* [WHAT TO PRODUCE] Skip pictures in the listing below; copy exactly the lines from the one with "- R2, R3: value 10k -> 150k" through the one with "- moved R1 14.8", inclusive.

* [SOURCE DATA]
Segment Open
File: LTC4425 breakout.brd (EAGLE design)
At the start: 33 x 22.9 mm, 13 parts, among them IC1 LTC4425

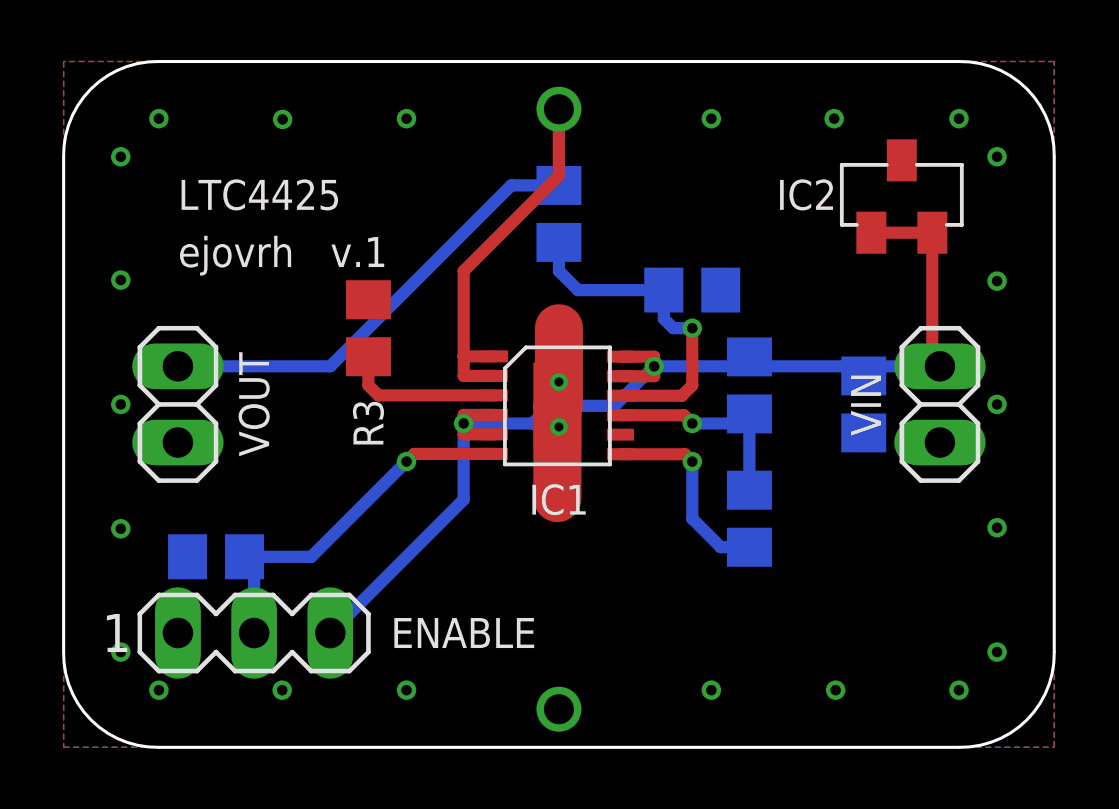
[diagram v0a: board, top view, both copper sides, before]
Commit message: - updated LTC4425 breakout: replaced the supercap, modified tplace strings
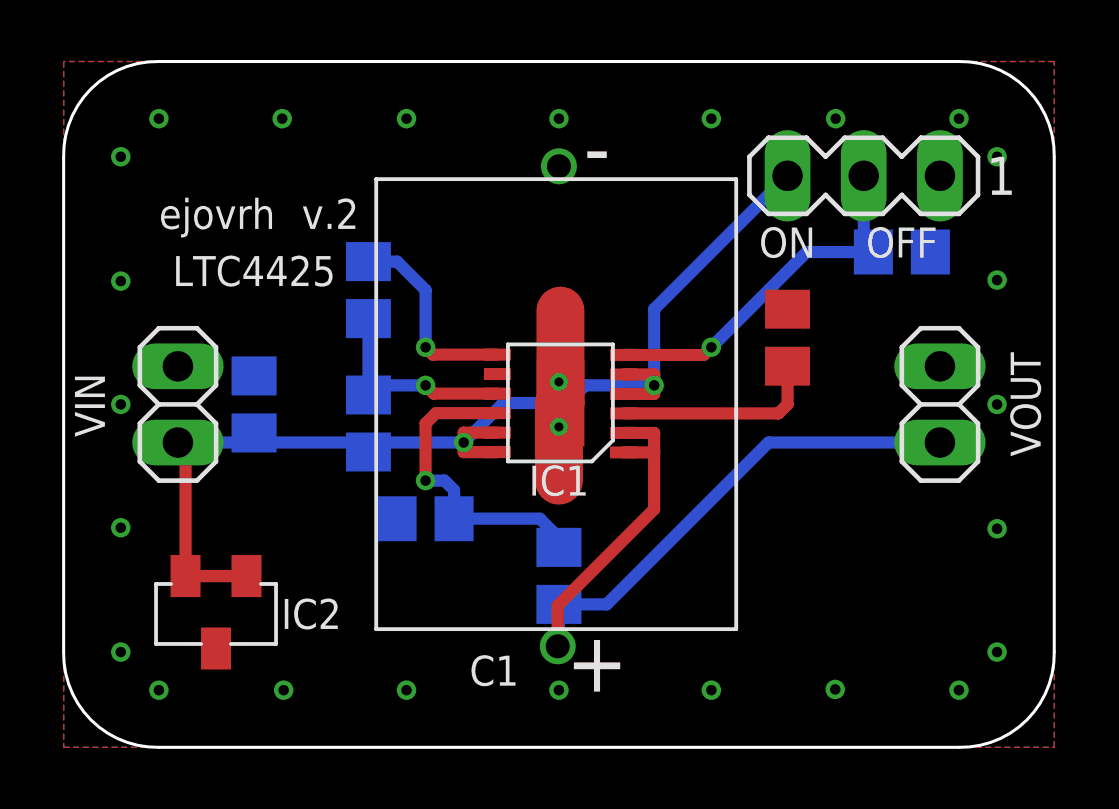
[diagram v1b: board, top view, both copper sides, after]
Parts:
- removed C3: 0.1µF, rcl:C0805
- removed ENABLE: (no value), con-lstb:MA03-1
- removed R10, R9: 470k, rcl:R0805
- added C1: MAL219691226E3, MAL219691226E3 - Supercap:TH
- added R1, R6: 10k, rcl:R0805
- added SV1: enable, con-lstb:MA03-1
- C2: value 1.5F -> 0.1µF; device EECS5R5H155 Supercap:TH -> rcl:C0805
- R2, R3: value 10k -> 150k
- R4, R5: value 150k -> 470k
- moved IC2 26.8 mm to (5.08, 4.45), turned to 180 degrees
- moved VIN 25.4 mm to (3.81, 11.4), turned to 270 degrees
- moved VOUT 25.4 mm to (29.2, 11.4), turned to 270 degrees
- moved R5 10.8 mm to (12.1, 7.62), turned to 0 degrees
- moved C2 10.2 mm to (6.35, 11.4)
- moved R4 8.98 mm to (16.5, 5.71)
- moved R2 6.75 mm to (10.2, 10.8), turned to 270 degrees
- moved R3 1.27 mm to (10.2, 15.2), flipped to the bottom
- turned IC1 to 90 degrees
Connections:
- net EN: now also R6.1, SV1.2; no longer ENABLE.2, R2.1
- net GND: now also C1.-, C2.2, R1.1, R5.2, R6.2, SV1.1; no longer C2.-, C3.2, ENABLE.1, R10.2, R2.2, R3.1
- net PFI: now also R2.1, R3.2; no longer R4.1, R5.2
- net PFI_RET: now also R3.1; no longer R5.1
- net PROG: now also R1.2; no longer R3.2
- net VIN: now also C2.1, R2.2, SV1.3; no longer C3.1, ENABLE.3, R4.2
- net VMID: now also R4.2, R5.1; no longer R10.1, R9.2
- net VOUT: now also C1.+1, R4.1; no longer C2.+, R9.1
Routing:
- net VOUT: track 30.0 -> 27.4 mm
- net PROG: track 5.29 -> 6.87 mm
- net VMID: track 11.2 -> 10.6 mm
- net GND: vias 22 -> 24
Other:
- board text added: "----"
- board text added: "1V"
- board text added: "Ichrg"
- board text added: "OFF"
- board text added: "ON"
- board text added: "Rprog"
- board text added: "Rprog = 1000 *"
- board text added: "v.2"
- board text removed: "v.1"

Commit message: - removed supercap from board and made it generic - updated gerbers and design block
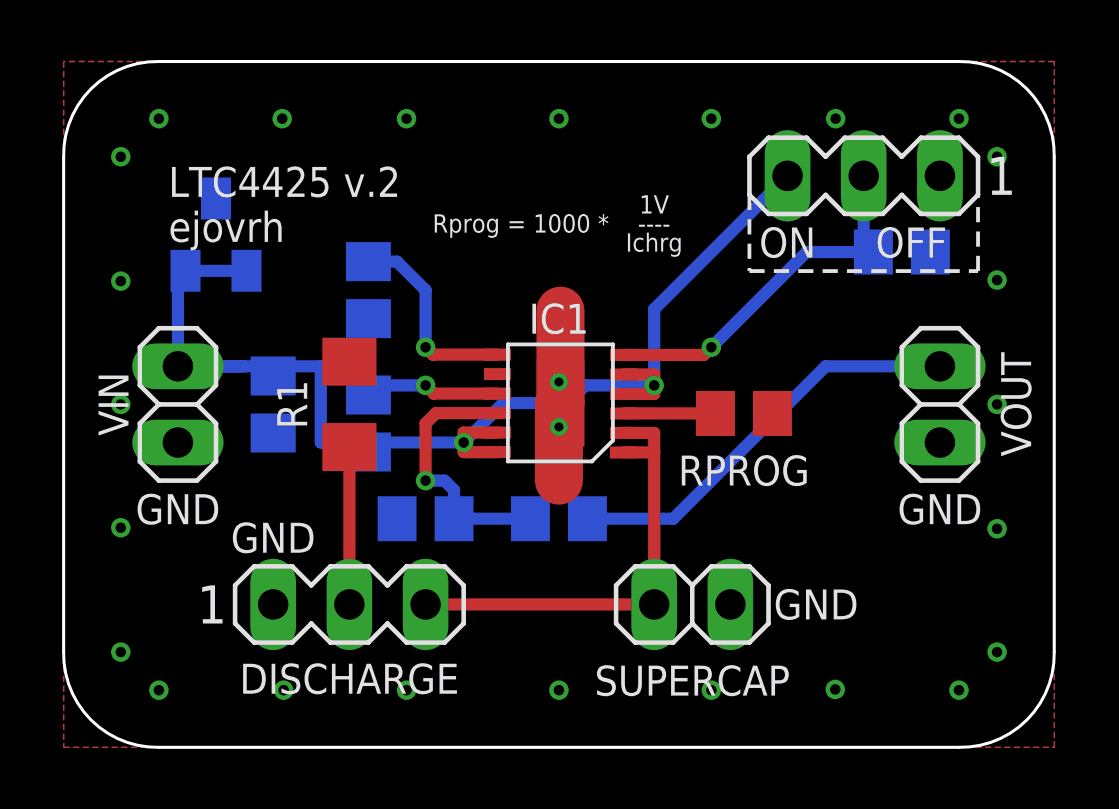
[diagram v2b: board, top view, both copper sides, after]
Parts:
- removed C1: MAL219691226E3, MAL219691226E3 - Supercap:TH
- added DISCHARGE: discharge, con-lstb:MA03-1
- added RPROG: 10k, rcl:R0805
- added SUPERCAP: SUPERCAP, pinhead:1X02
- R1: device rcl:R0805 -> rcl:R1206
- moved R1 14.8 mm to (9.53, 11.4), turned to 90 degrees
- moved IC2 12.7 mm to (5.08, 17.1), flipped to the bottom, turned to 0 degrees
- moved R4 1.91 mm to (16.5, 7.62), turned to 0 degrees
- moved C2 0.64 mm to (6.99, 11.4), turned to 270 degrees
- turned VIN to 90 degrees
- turned VOUT to 90 degrees
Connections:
- new net N$2: DISCHARGE.2, R1.1
- net GND: now also DISCHARGE.1, R1.2, RPROG.1, SUPERCAP.1; no longer C1.-, R1.1
- net PROG: now also RPROG.2; no longer R1.2
- net VOUT: now also DISCHARGE.3, SUPERCAP.2; no longer C1.+1
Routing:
- net N$2: track 0.00 -> 5.25 mm
- net VOUT: track 27.4 -> 32.6 mm
- net PROG: track 6.87 -> 3.07 mm
- net VIN: track 38.7 -> 41.8 mm
- net VMID: track 10.6 -> 9.34 mm
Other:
- board text added: "GND"
- board text added: "LTC4425 v.2 ejovrh"
- board text removed: "LTC4425"
- board text removed: "ejovrh"
- board text removed: "v.2"

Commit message: - finalized LTC4425 breakout.brd, written BOM and created gerbers
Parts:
- IC2: value (none) -> PESD5V2S2UT
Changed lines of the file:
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@@
 <?xml version="1.0" encoding="utf-8"?>
 <!DOCTYPE eagle SYSTEM "eagle.dtd">
-<eagle version="8.6.1">
+<eagle version="9.0.0">
 <drawing>
 <settings>
@@
 <layer number="14" name="Route14" color="1" fill="6" visible="no" active="no"/>
 <layer number="15" name="Route15" color="4" fill="6" visible="no" active="no"/>
-<layer number="16" name="Bottom" color="1" fill="1" visible="no" active="yes"/>
+<layer number="16" name="Bottom" color="1" fill="1" visible="yes" active="yes"/>
 <layer number="17" name="Pads" color="2" fill="1" visible="yes" active="yes"/>
 <layer number="18" name="Vias" color="2" fill="1" visible="yes" active="yes"/>
@@
 <layer number="20" name="Dimension" color="24" fill="1" visible="yes" active="yes"/>
 <layer number="21" name="tPlace" color="7" fill="1" visible="yes" active="yes"/>
-<layer number="22" name="bPlace" color="7" fill="1" visible="no" active="yes"/>
+<layer number="22" name="bPlace" color="7" fill="1" visible="yes" active="yes"/>
 <layer number="23" name="tOrigins" color="15" fill="1" visible="yes" active="yes"/>
-<layer number="24" name="bOrigins" color="15" fill="1" visible="no" active="yes"/>
+<layer number="24" name="bOrigins" color="15" fill="1" visible="yes" active="yes"/>
 <layer number="25" name="tNames" color="7" fill="1" visible="yes" active="yes"/>
-<layer number="26" name="bNames" color="7" fill="1" visible="no" active="yes"/>
+<layer number="26" name="bNames" color="7" fill="1" visible="yes" active="yes"/>
 <layer number="27" name="tValues" color="7" fill="1" visible="no" active="yes"/>
 <layer number="28" name="bValues" color="7" fill="1" visible="no" active="yes"/>
@@
 <layer number="38" name="bTest" color="7" fill="1" visible="no" active="yes"/>
 <layer number="39" name="tKeepout" color="4" fill="11" visible="yes" active="yes"/>
-<layer number="40" name="bKeepout" color="1" fill="11" visible="no" active="yes"/>
+<layer number="40" name="bKeepout" color="1" fill="11" visible="yes" active="yes"/>
 <layer number="41" name="tRestrict" color="4" fill="10" visible="yes" active="yes"/>
-<layer number="42" name="bRestrict" color="1" fill="10" visible="no" active="yes"/>
+<layer number="42" name="bRestrict" color="1" fill="10" visible="yes" active="yes"/>
 <layer number="43" name="vRestrict" color="2" fill="10" visible="no" active="yes"/>
-<layer number="44" name="Drills" color="7" fill="1" visible="yes" active="yes"/>
+<layer number="44" name="Drills" color="7" fill="1" visible="no" active="yes"/>
 <layer number="45" name="Holes" color="7" fill="1" visible="yes" active="yes"/>
 <layer number="46" name="Milling" color="3" fill="1" visible="yes" active="yes"/>
 <layer number="47" name="Measures" color="7" fill="1" visible="no" active="yes"/>
-<layer number="48" name="Document" color="7" fill="1" visible="yes" active="yes"/>
+<layer number="48" name="Document" color="7" fill="1" visible="no" active="yes"/>
 <layer number="49" name="Reference" color="7" fill="1" visible="no" active="yes"/>
 <layer number="50" name="dxf" color="7" fill="1" visible="no" active="no"/>
 <layer number="51" name="tDocu" color="7" fill="1" visible="yes" active="yes"/>
-<layer number="52" name="bDocu" color="7" fill="1" visible="no" active="yes"/>
+<layer number="52" name="bDocu" color="7" fill="1" visible="yes" active="yes"/>
 <layer number="53" name="tGND_GNDA" color="7" fill="9" visible="no" active="no"/>
 <layer number="54" name="bGND_GNDA" color="1" fill="9" visible="no" active="no"/>
@@
 <attribute name="VALUE" x="32.385" y="8.89" size="1.27" layer="27" rot="R90"/>
 </element>
-<element name="IC2" library="PESDxS2UT" package="SOT-23" value="" x="5.08" y="17.145" smashed="yes" rot="MR0">
+<element name="IC2" library="PESDxS2UT" package="SOT-23" value="PESD5V2S2UT" x="5.08" y="17.145" smashed="yes" rot="MR0">
 <attribute name="NAME" x="8.255" y="17.145" size="1" layer="22" font="vector" rot="MR0" align="center"/>
-<attribute name="VALUE" x="5.08" y="13.645" size="1.27" layer="22" font="vector" rot="MR0" align="center"/>
 </element>
 <element name="SV1" library="con-lstb" library_urn="urn:adsk.eagle:library:162" package="MA03-1" package3d_urn="urn:adsk.eagle:package:8339/1" value="enable" x="26.67" y="19.05" smashed="yes" rot="R180">

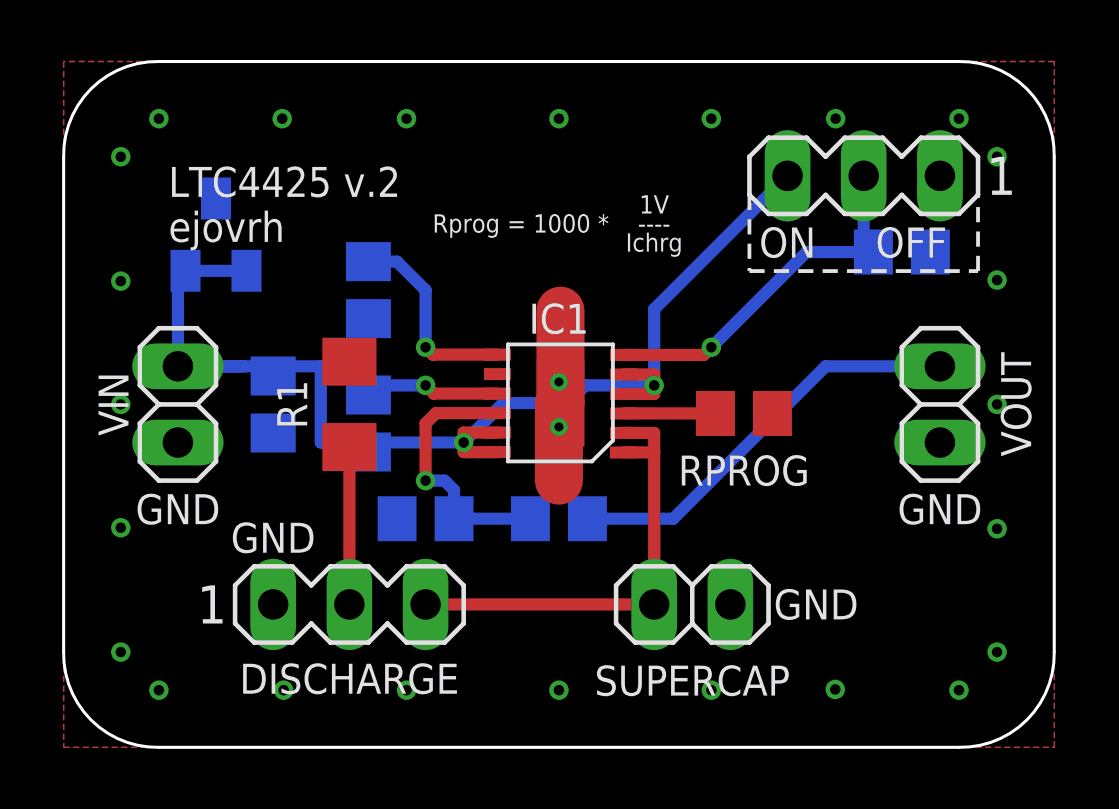
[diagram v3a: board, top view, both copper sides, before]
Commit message: - updated LTC4425 breakout with 0402 SMD passives, updated BOM and gerbers
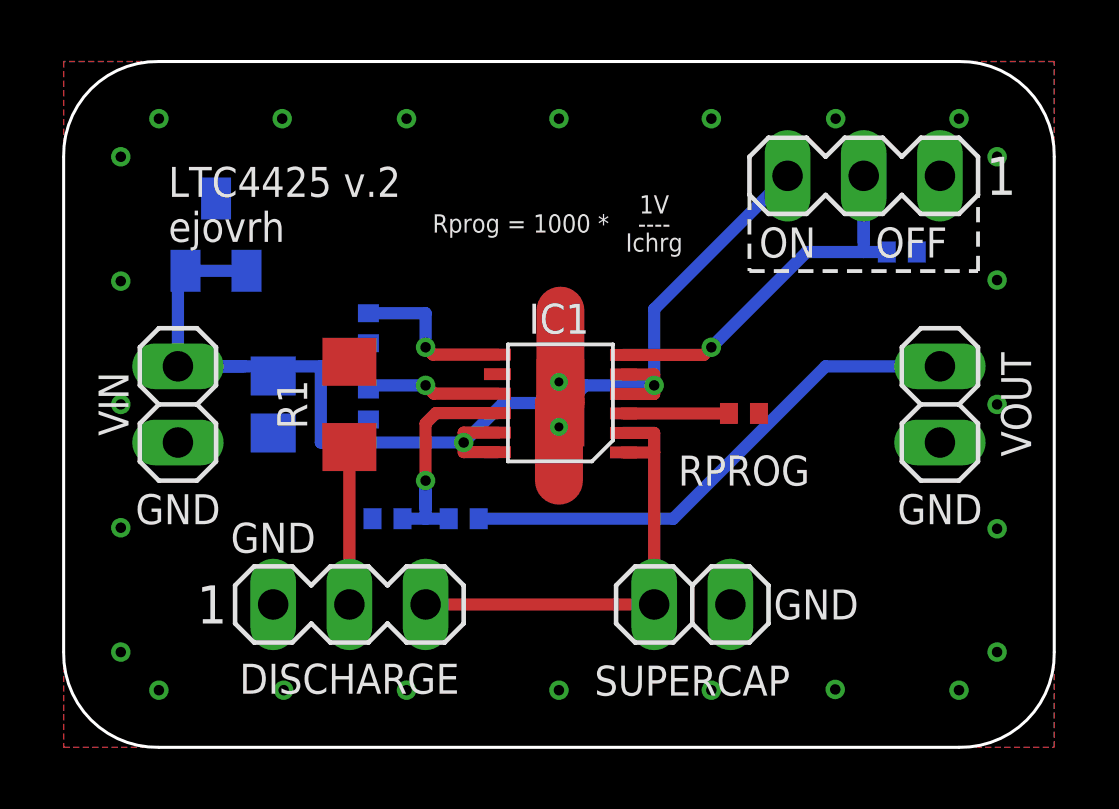
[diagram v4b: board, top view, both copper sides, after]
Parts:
- R2, R3, R4, R5, R6, RPROG: device rcl:R0805 -> rcl:R0402
- moved R4 3.18 mm to (13.3, 7.62)
- moved R3 1.27 mm to (10.2, 14.0)
- moved R5 1.27 mm to (10.8, 7.62)
- moved R2 0.63 mm to (10.2, 11.4)
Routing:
- net VOUT: track 32.6 -> 35.7 mm
- net EN: track 12.4 -> 15.0 mm
- net PFI_RET: track 6.70 -> 5.54 mm
- net VMID: track 9.34 -> 8.20 mm
- net PFI: track 7.09 -> 6.09 mm

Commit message: dummy test code for an arduino uno and the breakout board
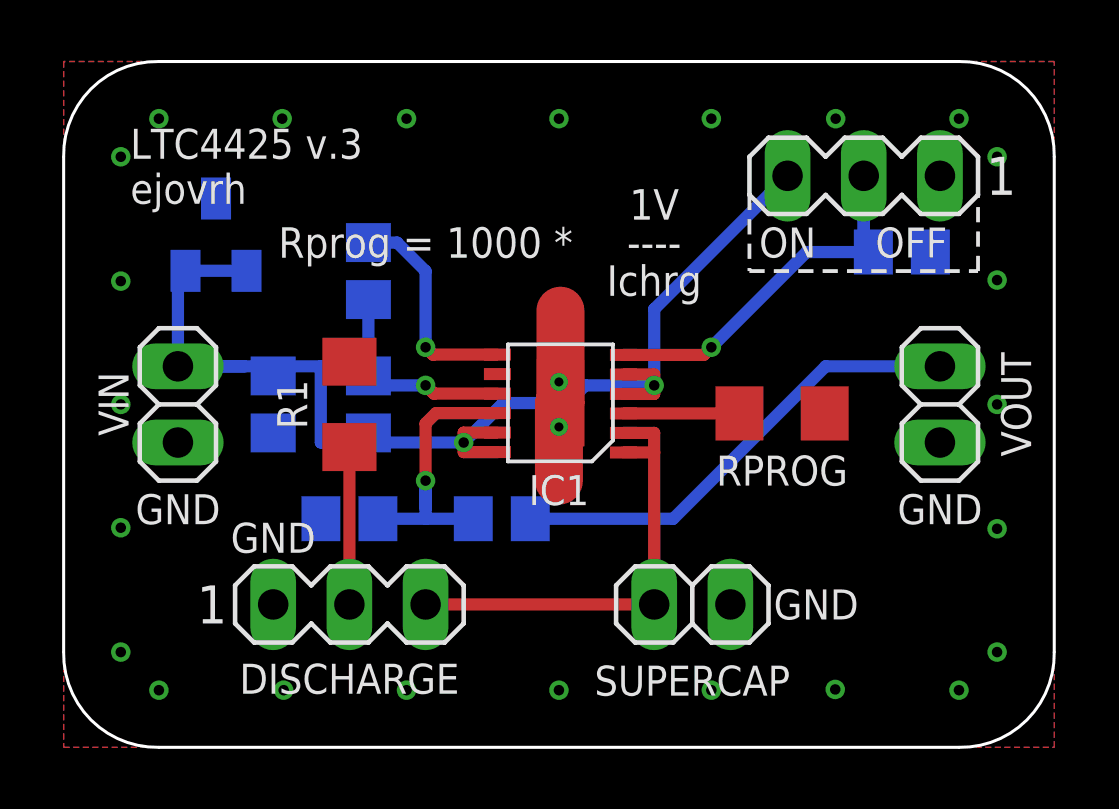
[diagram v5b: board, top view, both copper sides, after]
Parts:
- R2, R3, R4, R5, R6: device rcl:R0402 -> rcl:R0805
- RPROG: device rcl:R0402 -> rcl:R1206
- moved R3 1.90 mm to (10.2, 15.9)
- moved RPROG 1.27 mm to (23.9, 11.1)
- moved R4 1.27 mm to (14.6, 7.62)
- moved R5 1.27 mm to (9.53, 7.62)
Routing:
- net PFI_RET: track 5.54 -> 7.33 mm
- net VOUT: track 35.7 -> 34.0 mm
- net VMID: track 8.20 -> 9.84 mm
- net PFI: track 6.09 -> 7.27 mm
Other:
- board text added: "LTC4425 v.3 ejovrh"
- board text removed: "LTC4425 v.2 ejovrh"
Segment Closed
* [WRITTEN SOLUTION]
- R2, R3: value 10k -> 150k
- R4, R5: value 150k -> 470k
- moved IC2 26.8 mm to (5.08, 4.45), turned to 180 degrees
- moved VIN 25.4 mm to (3.81, 11.4), turned to 270 degrees
- moved VOUT 25.4 mm to (29.2, 11.4), turned to 270 degrees
- moved R5 10.8 mm to (12.1, 7.62), turned to 0 degrees
- moved C2 10.2 mm to (6.35, 11.4)
- moved R4 8.98 mm to (16.5, 5.71)
- moved R2 6.75 mm to (10.2, 10.8), turned to 270 degrees
- moved R3 1.27 mm to (10.2, 15.2), flipped to the bottom
- turned IC1 to 90 degrees
Connections:
- net EN: now also R6.1, SV1.2; no longer ENABLE.2, R2.1
- net GND: now also C1.-, C2.2, R1.1, R5.2, R6.2, SV1.1; no longer C2.-, C3.2, ENABLE.1, R10.2, R2.2, R3.1
- net PFI: now also R2.1, R3.2; no longer R4.1, R5.2
- net PFI_RET: now also R3.1; no longer R5.1
- net PROG: now also R1.2; no longer R3.2
- net VIN: now also C2.1, R2.2, SV1.3; no longer C3.1, ENABLE.3, R4.2
- net VMID: now also R4.2, R5.1; no longer R10.1, R9.2
- net VOUT: now also C1.+1, R4.1; no longer C2.+, R9.1
Routing:
- net VOUT: track 30.0 -> 27.4 mm
- net PROG: track 5.29 -> 6.87 mm
- net VMID: track 11.2 -> 10.6 mm
- net GND: vias 22 -> 24
Other:
- board text added: "----"
- board text added: "1V"
- board text added: "Ichrg"
- board text added: "OFF"
- board text added: "ON"
- board text added: "Rprog"
- board text added: "Rprog = 1000 *"
- board text added: "v.2"
- board text removed: "v.1"

Commit message: - removed supercap from board and made it generic - updated gerbers and design block
[diagram v2b: board, top view, both copper sides, after]
Parts:
- removed C1: MAL219691226E3, MAL219691226E3 - Supercap:TH
- added DISCHARGE: discharge, con-lstb:MA03-1
- added RPROG: 10k, rcl:R0805
- added SUPERCAP: SUPERCAP, pinhead:1X02
- R1: device rcl:R0805 -> rcl:R1206
- moved R1 14.8 mm to (9.53, 11.4), turned to 90 degrees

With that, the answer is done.